• **WHAT TO WORK ON**: Leaving nothing out, set down all the data exactly.

--- AVAILABLE RECORDS ---

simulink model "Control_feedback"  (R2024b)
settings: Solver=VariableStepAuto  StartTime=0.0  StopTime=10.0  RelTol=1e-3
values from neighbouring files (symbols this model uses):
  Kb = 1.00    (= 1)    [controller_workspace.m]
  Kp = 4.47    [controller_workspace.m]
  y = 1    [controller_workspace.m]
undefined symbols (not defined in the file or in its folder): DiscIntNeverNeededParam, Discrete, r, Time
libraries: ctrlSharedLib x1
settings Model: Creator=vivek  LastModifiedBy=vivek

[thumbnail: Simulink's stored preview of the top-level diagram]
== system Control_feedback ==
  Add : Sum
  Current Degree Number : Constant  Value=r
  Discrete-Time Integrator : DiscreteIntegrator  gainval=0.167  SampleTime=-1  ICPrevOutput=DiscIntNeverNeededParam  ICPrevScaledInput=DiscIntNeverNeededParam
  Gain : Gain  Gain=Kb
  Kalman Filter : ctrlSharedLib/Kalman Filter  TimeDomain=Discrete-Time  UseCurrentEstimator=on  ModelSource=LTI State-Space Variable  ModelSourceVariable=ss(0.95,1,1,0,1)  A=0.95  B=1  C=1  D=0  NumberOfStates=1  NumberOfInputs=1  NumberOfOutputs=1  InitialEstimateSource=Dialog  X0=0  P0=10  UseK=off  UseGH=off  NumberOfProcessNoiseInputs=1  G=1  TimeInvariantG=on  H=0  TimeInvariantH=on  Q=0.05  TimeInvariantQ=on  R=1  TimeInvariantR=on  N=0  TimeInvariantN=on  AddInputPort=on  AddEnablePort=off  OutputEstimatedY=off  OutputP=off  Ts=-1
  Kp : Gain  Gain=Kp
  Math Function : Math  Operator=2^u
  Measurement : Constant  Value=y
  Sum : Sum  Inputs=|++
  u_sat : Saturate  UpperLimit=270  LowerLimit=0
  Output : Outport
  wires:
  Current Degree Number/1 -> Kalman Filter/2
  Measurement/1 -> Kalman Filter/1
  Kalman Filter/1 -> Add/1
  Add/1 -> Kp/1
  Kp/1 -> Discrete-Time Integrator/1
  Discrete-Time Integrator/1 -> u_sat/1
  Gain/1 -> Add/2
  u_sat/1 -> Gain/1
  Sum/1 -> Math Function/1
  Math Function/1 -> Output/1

---

• **SOLUTION TO THE PROBLEM**:
simulink model "Control_feedback"  (R2024b)
settings: Solver=VariableStepAuto  StartTime=0.0  StopTime=10.0  RelTol=1e-3
values from neighbouring files (symbols this model uses):
  Kb = 1.00    (= 1)    [controller_workspace.m]
  Kp = 4.47    [controller_workspace.m]
  y = 1    [controller_workspace.m]
undefined symbols (not defined in the file or in its folder): DiscIntNeverNeededParam, Discrete, r, Time
libraries: ctrlSharedLib x1
settings Model: Creator=vivek  LastModifiedBy=vivek

[thumbnail: Simulink's stored preview of the top-level diagram]
== system Control_feedback ==
  Add : Sum
  Current Degree Number : Constant  Value=r
  Discrete-Time Integrator : DiscreteIntegrator  gainval=0.167  SampleTime=-1  ICPrevOutput=DiscIntNeverNeededParam  ICPrevScaledInput=DiscIntNeverNeededParam
  Gain : Gain  Gain=Kb
  Kalman Filter : ctrlSharedLib/Kalman Filter  TimeDomain=Discrete-Time  UseCurrentEstimator=on  ModelSource=LTI State-Space Variable  ModelSourceVariable=ss(0.95,1,1,0,1)  A=0.95  B=1  C=1  D=0  NumberOfStates=1  NumberOfInputs=1  NumberOfOutputs=1  InitialEstimateSource=Dialog  X0=0  P0=10  UseK=off  UseGH=off  NumberOfProcessNoiseInputs=1  G=1  TimeInvariantG=on  H=0  TimeInvariantH=on  Q=0.05  TimeInvariantQ=on  R=1  TimeInvariantR=on  N=0  TimeInvariantN=on  AddInputPort=on  AddEnablePort=off  OutputEstimatedY=off  OutputP=off  Ts=-1
  Kp : Gain  Gain=Kp
  Math Function : Math  Operator=2^u
  Measurement : Constant  Value=y
  Sum : Sum  Inputs=|++
  u_sat : Saturate  UpperLimit=270  LowerLimit=0
  Output : Outport
  wires:
  Current Degree Number/1 -> Kalman Filter/2
  Measurement/1 -> Kalman Filter/1
  Kalman Filter/1 -> Add/1
  Add/1 -> Kp/1
  Kp/1 -> Discrete-Time Integrator/1
  Discrete-Time Integrator/1 -> u_sat/1
  Gain/1 -> Add/2
  u_sat/1 -> Gain/1
  Sum/1 -> Math Function/1
  Math Function/1 -> Output/1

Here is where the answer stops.